← Back to context

Comment by rapind

3 days ago

I think this is the practical way. The website owner (or rather the builder, since if you're running wordpress, we can assume MCP will be part of the package) is already responsible for the human interface across many devices, and also the search engine interface (robots.txt, sitemap.xml, metatags). Having a standard we can use to curate what the AI sees and how it can interact would be hugely beneficial.

There's space for both IMO. The more generic tool that figures it out on it's own, and the streamlined tool that accesses a site's guiderails. There's also the backend service of course which doesn't require the browser or UI, but as he describes this entails complexity around authentication and I would assume discoverability.

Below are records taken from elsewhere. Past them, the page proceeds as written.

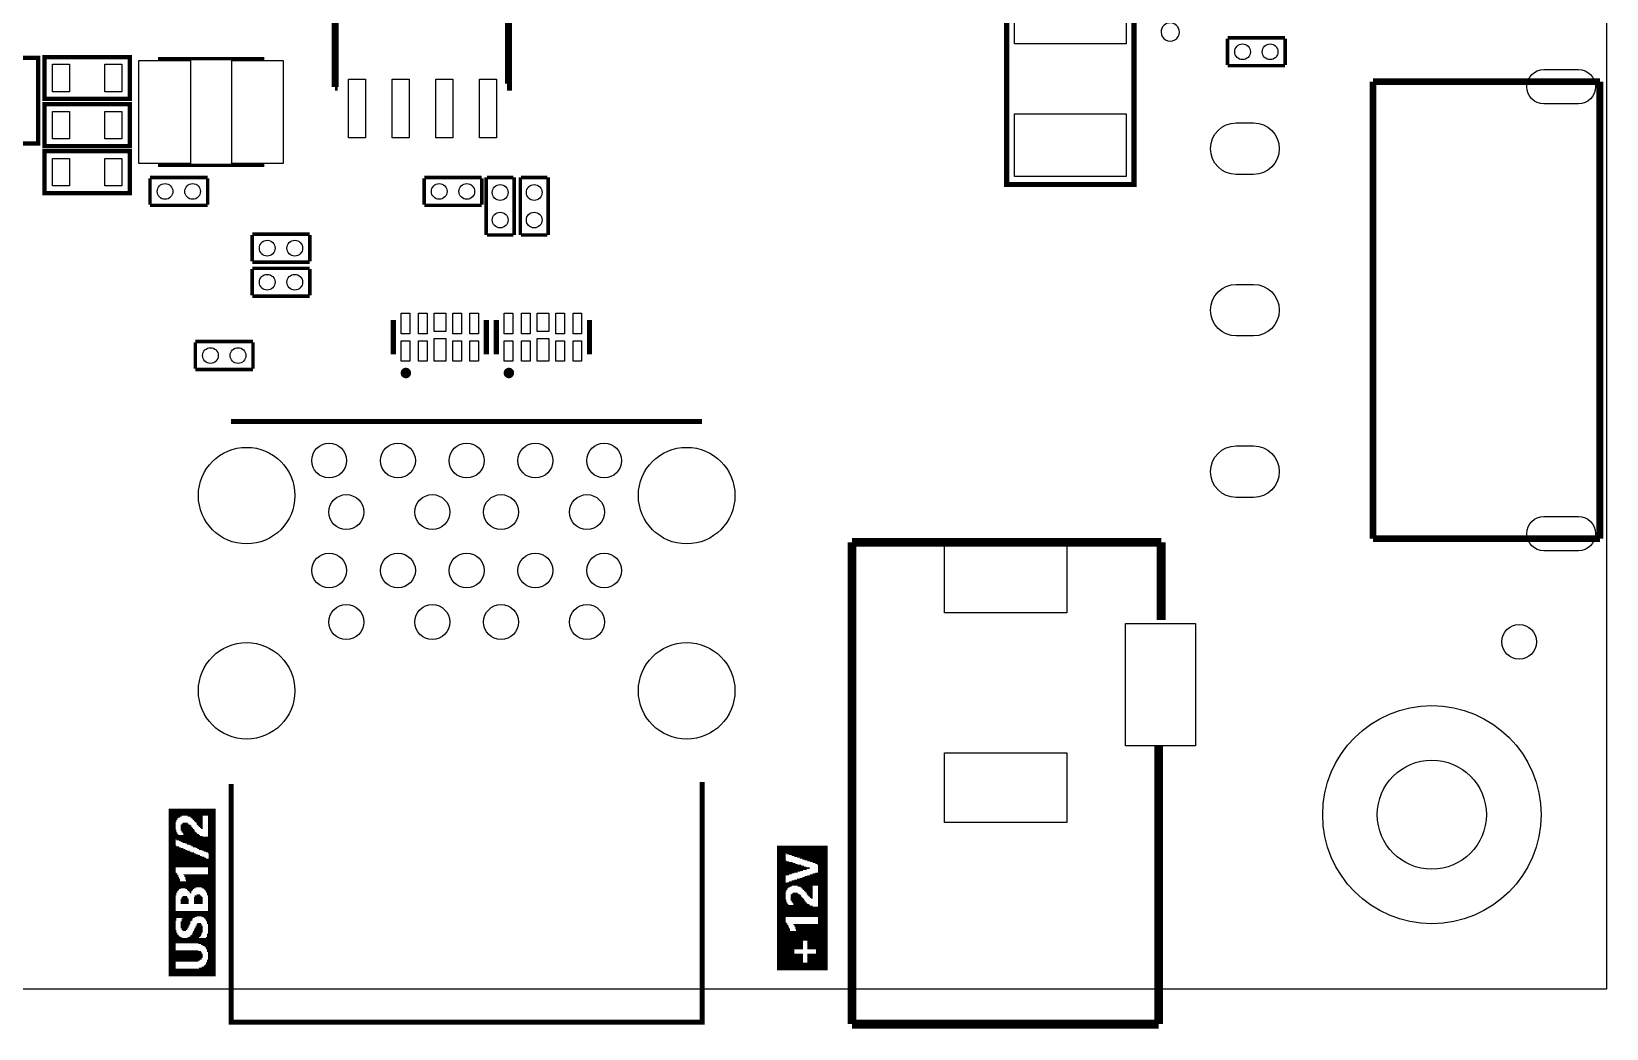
# Model space of a CAD drawing. Extents: x 4 to 274, y -3 to 190.
# Drawn here: x 225.69 to 271.5, y -2.41 to 26.6 of the extents above; entities that cross this region are included whole.
import ezdxf

# ---------------------------------------------------------------- set-up
doc = ezdxf.new("R2010")
doc.units = 0
doc.header["$MEASUREMENT"] = 0
doc.layers.get('0').update_dxf_attribs({"linetype": 'CONTINUOUS'})
for name, color, linetype in [('BG_OUTLINE', 7, 'CONTINUOUS'), ('MA_PEN3', 231, 'CONTINUOUS'), ('PG_SILKSCREEN_TOP', 130, 'CONTINUOUS'), ('PIN_TOP', 140, 'CONTINUOUS')]:
    doc.layers.add(name, color=color, linetype=linetype)

msp = doc.modelspace()

# ---------------------------------------------------------------- linework, layer by layer
at = {"linetype": 'Continuous'}
msp.add_circle((266.4206, 3.81), 1.5875, dxfattribs=at)
at = {"layer": 'BG_OUTLINE'}
msp.add_lwpolyline([(21.5138, -1.27), (21.5138, 168.7068), (271.5006, 168.7068), (271.5006, -1.27)], close=True, dxfattribs=at)
at = {"layer": 'MA_PEN3', "const_width": 0.0254}
for points in [[(229.686612, -0.89662), (229.686612, 3.98018)], [(229.712012, -0.89662), (229.712012, 3.98018)], [(229.737412, -0.89662), (229.737412, 3.98018)], [(229.762812, -0.89662), (229.762812, 3.98018)], [(229.788212, -0.89662), (229.788212, 3.98018)], [(229.813612, -0.89662), (229.813612, 3.98018)], [(229.839012, -0.89662), (229.839012, 3.98018)], [(229.864412, -0.89662), (229.864412, 3.98018)], [(229.889812, 3.59918), (229.889812, 3.98018)], [(229.915212, 3.64998), (229.915212, 3.98018)], [(229.940612, 3.70078), (229.940612, 3.98018)], [(229.966012, 3.72618), (229.966012, 3.98018)], [(229.991412, 3.72618), (229.991412, 3.98018)], [(230.016812, 3.75158), (230.016812, 3.98018)], [(230.042212, 3.75158), (230.042212, 3.98018)], [(230.067612, 3.77698), (230.067612, 3.98018)], [(230.093012, 3.77698), (230.093012, 3.98018)], [(230.118412, 3.77698), (230.118412, 3.98018)], [(230.143812, 3.77698), (230.143812, 3.98018)], [(230.169212, 3.77698), (230.169212, 3.98018)], [(230.194612, 3.77698), (230.194612, 3.98018)], [(230.220012, 3.77698), (230.220012, 3.98018)], [(230.245412, 3.75158), (230.245412, 3.98018)], [(230.270812, 3.75158), (230.270812, 3.98018)], [(230.296212, 3.75158), (230.296212, 3.98018)], [(230.321612, 3.72618), (230.321612, 3.98018)], [(230.347012, 3.70078), (230.347012, 3.98018)], [(230.372412, 3.67538), (230.372412, 3.98018)], [(230.397812, 3.64998), (230.397812, 3.98018)], [(230.423212, 3.62458), (230.423212, 3.98018)], [(230.448612, 3.59918), (230.448612, 3.98018)], [(230.474012, 3.57378), (230.474012, 3.98018)], [(230.499412, 3.52298), (230.499412, 3.98018)], [(230.524812, 3.49758), (230.524812, 3.98018)], [(230.550212, 3.47218), (230.550212, 3.98018)], [(230.575612, 3.44678), (230.575612, 3.98018)], [(230.601012, 3.42138), (230.601012, 3.98018)], [(230.626412, 3.39598), (230.626412, 3.98018)], [(230.651812, 3.39598), (230.651812, 3.98018)], [(230.677212, 3.77698), (230.677212, 3.98018)], [(230.702612, 3.77698), (230.702612, 3.98018)], [(230.728012, 3.77698), (230.728012, 3.98018)], [(230.753412, 3.77698), (230.753412, 3.98018)], [(230.778812, 3.77698), (230.778812, 3.98018)], [(230.804212, 3.77698), (230.804212, 3.98018)], [(230.829612, 2.68478), (230.829612, 3.98018)], [(230.855012, -0.89662), (230.855012, 3.98018)], [(230.880412, -0.89662), (230.880412, 3.98018)], [(230.905812, -0.89662), (230.905812, 3.98018)], [(230.931212, -0.89662), (230.931212, 3.98018)], [(230.956612, -0.89662), (230.956612, 3.98018)], [(230.982012, -0.89662), (230.982012, 3.98018)], [(231.007412, -0.89662), (231.007412, 3.98018)], [(231.032812, -0.89662), (231.032812, 3.98018)], [(229.889812, 3.09118), (229.889812, 3.37058)], [(229.915212, 3.06578), (229.915212, 3.29438)], [(229.940612, 3.06578), (229.940612, 3.24358)], [(229.966012, 3.06578), (229.966012, 3.21818)], [(229.991412, 3.04038), (229.991412, 3.21818)], [(230.016812, 3.04038), (230.016812, 3.21818)], [(230.042212, 3.34518), (230.042212, 3.52298)], [(230.042212, 3.01498), (230.042212, 3.21818)], [(230.067612, 3.29438), (230.067612, 3.54838)], [(230.067612, 3.01498), (230.067612, 3.21818)], [(230.093012, 3.26898), (230.093012, 3.57378)], [(230.093012, 2.98958), (230.093012, 3.21818)], [(230.118412, 2.98958), (230.118412, 3.57378)], [(230.143812, 2.98958), (230.143812, 3.57378)], [(230.169212, 2.96418), (230.169212, 3.57378)], [(230.194612, 2.96418), (230.194612, 3.57378)], [(230.220012, 2.93878), (230.220012, 3.57378)], [(230.245412, 2.93878), (230.245412, 3.54838)], [(230.270812, 2.93878), (230.270812, 3.52298)], [(230.296212, 2.91338), (230.296212, 3.52298)], [(230.321612, 2.91338), (230.321612, 3.49758)], [(230.347012, 2.88798), (230.347012, 3.44678)], [(230.372412, 2.88798), (230.372412, 3.42138)], [(230.397812, 2.86258), (230.397812, 3.39598)], [(230.423212, 2.86258), (230.423212, 3.37058)], [(230.448612, 2.86258), (230.448612, 3.31978)], [(230.474012, 2.83718), (230.474012, 3.29438)], [(230.499412, 2.83718), (230.499412, 3.26898)], [(230.524812, 2.81178), (230.524812, 3.24358)], [(230.550212, 2.81178), (230.550212, 3.24358)], [(230.575612, 2.78638), (230.575612, 3.21818)], [(229.889812, 2.27838), (229.889812, 2.91338)], [(229.915212, 2.27838), (229.915212, 2.88798)], [(229.940612, 2.27838), (229.940612, 2.88798)], [(229.966012, 2.27838), (229.966012, 2.88798)], [(229.991412, 2.27838), (229.991412, 2.86258)], [(230.016812, 2.27838), (230.016812, 2.86258)], [(230.042212, 2.27838), (230.042212, 2.83718)], [(230.067612, 2.27838), (230.067612, 2.83718)], [(230.093012, 2.27838), (230.093012, 2.83718)], [(230.118412, 2.27838), (230.118412, 2.81178)], [(230.143812, 2.27838), (230.143812, 2.81178)], [(230.169212, 2.27838), (230.169212, 2.78638)], [(230.194612, 2.27838), (230.194612, 2.78638)], [(230.220012, 2.27838), (230.220012, 2.76098)], [(230.245412, 2.27838), (230.245412, 2.76098)], [(230.270812, 2.27838), (230.270812, 2.76098)], [(230.601012, 2.78638), (230.601012, 3.19278)], [(230.626412, 2.78638), (230.626412, 3.19278)], [(230.651812, 2.76098), (230.651812, 3.19278)], [(230.677212, 2.76098), (230.677212, 3.16738)], [(230.702612, 2.73558), (230.702612, 3.16738)], [(230.728012, 2.73558), (230.728012, 3.16738)], [(230.753412, 2.73558), (230.753412, 3.16738)], [(230.778812, 2.71018), (230.778812, 3.16738)], [(230.804212, 2.71018), (230.804212, 3.16738)], [(247.380252, -0.72136), (247.380252, 2.91084)], [(247.405652, -0.72136), (247.405652, 2.91084)], [(247.431052, -0.72136), (247.431052, 2.91084)], [(247.456452, -0.72136), (247.456452, 2.91084)], [(247.481852, -0.72136), (247.481852, 2.91084)], [(247.507252, -0.72136), (247.507252, 2.91084)], [(247.532652, -0.72136), (247.532652, 2.91084)], [(247.558052, -0.72136), (247.558052, 2.91084)], [(247.583452, -0.72136), (247.583452, 2.91084)], [(247.608852, -0.72136), (247.608852, 2.91084)], [(247.634252, 2.68224), (247.634252, 2.91084)], [(247.659652, 2.65684), (247.659652, 2.91084)], [(247.685052, 2.65684), (247.685052, 2.91084)], [(247.710452, 2.65684), (247.710452, 2.91084)], [(247.735852, 2.63144), (247.735852, 2.91084)], [(247.761252, 2.63144), (247.761252, 2.91084)], [(247.786652, 2.63144), (247.786652, 2.91084)], [(247.812052, 2.60604), (247.812052, 2.91084)], [(247.837452, 2.60604), (247.837452, 2.91084)], [(247.862852, 2.60604), (247.862852, 2.91084)], [(247.888252, 2.58064), (247.888252, 2.91084)], [(247.913652, 2.58064), (247.913652, 2.91084)], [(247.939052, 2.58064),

I agree with you that platforms like wordpress, shopify etc will likely ship MCP extensions to help with various use cases. Accompanied with a discovery standard similar to llms.txt, I think it will be beneficial too. My only argument is that platforms like this are also the most "templated" designs and it's already easy for AI to navigate them (since dom structure variance is small).

The bigger challenge I think is figuring out how to build MCPs easily for SaaS and other legacy portals. I see some push on the OpenAPI side of things which is promising but requires you to make significant changes to existing apps. Perhaps web frameworks (rails, next, laravel, etc) can agree on a standard.

  • > it's already easy for AI to navigate them (since dom structure variance is small).

    The premise of MCP-B is that it's in fact not easy to reliably navigate websites today with LLMs, if you're just relying on DOM traversal or computer vision.

    And when it comes to authenticated and read/write operations, I think you need the reliability and control that comes from something like MCP-B, rather than just trusting the LLM to figure it out.

    Both Wordpress and Shopify allow users to heavily customize their front-end, and therefore ship garbage HTML + CSS if they choose to (or don't know any better). I certainly wouldn't want to rely on LLMs parsing arbitrary HTML if I'm trying to automate a purchase or some other activity that involves trust and/or sensitive data.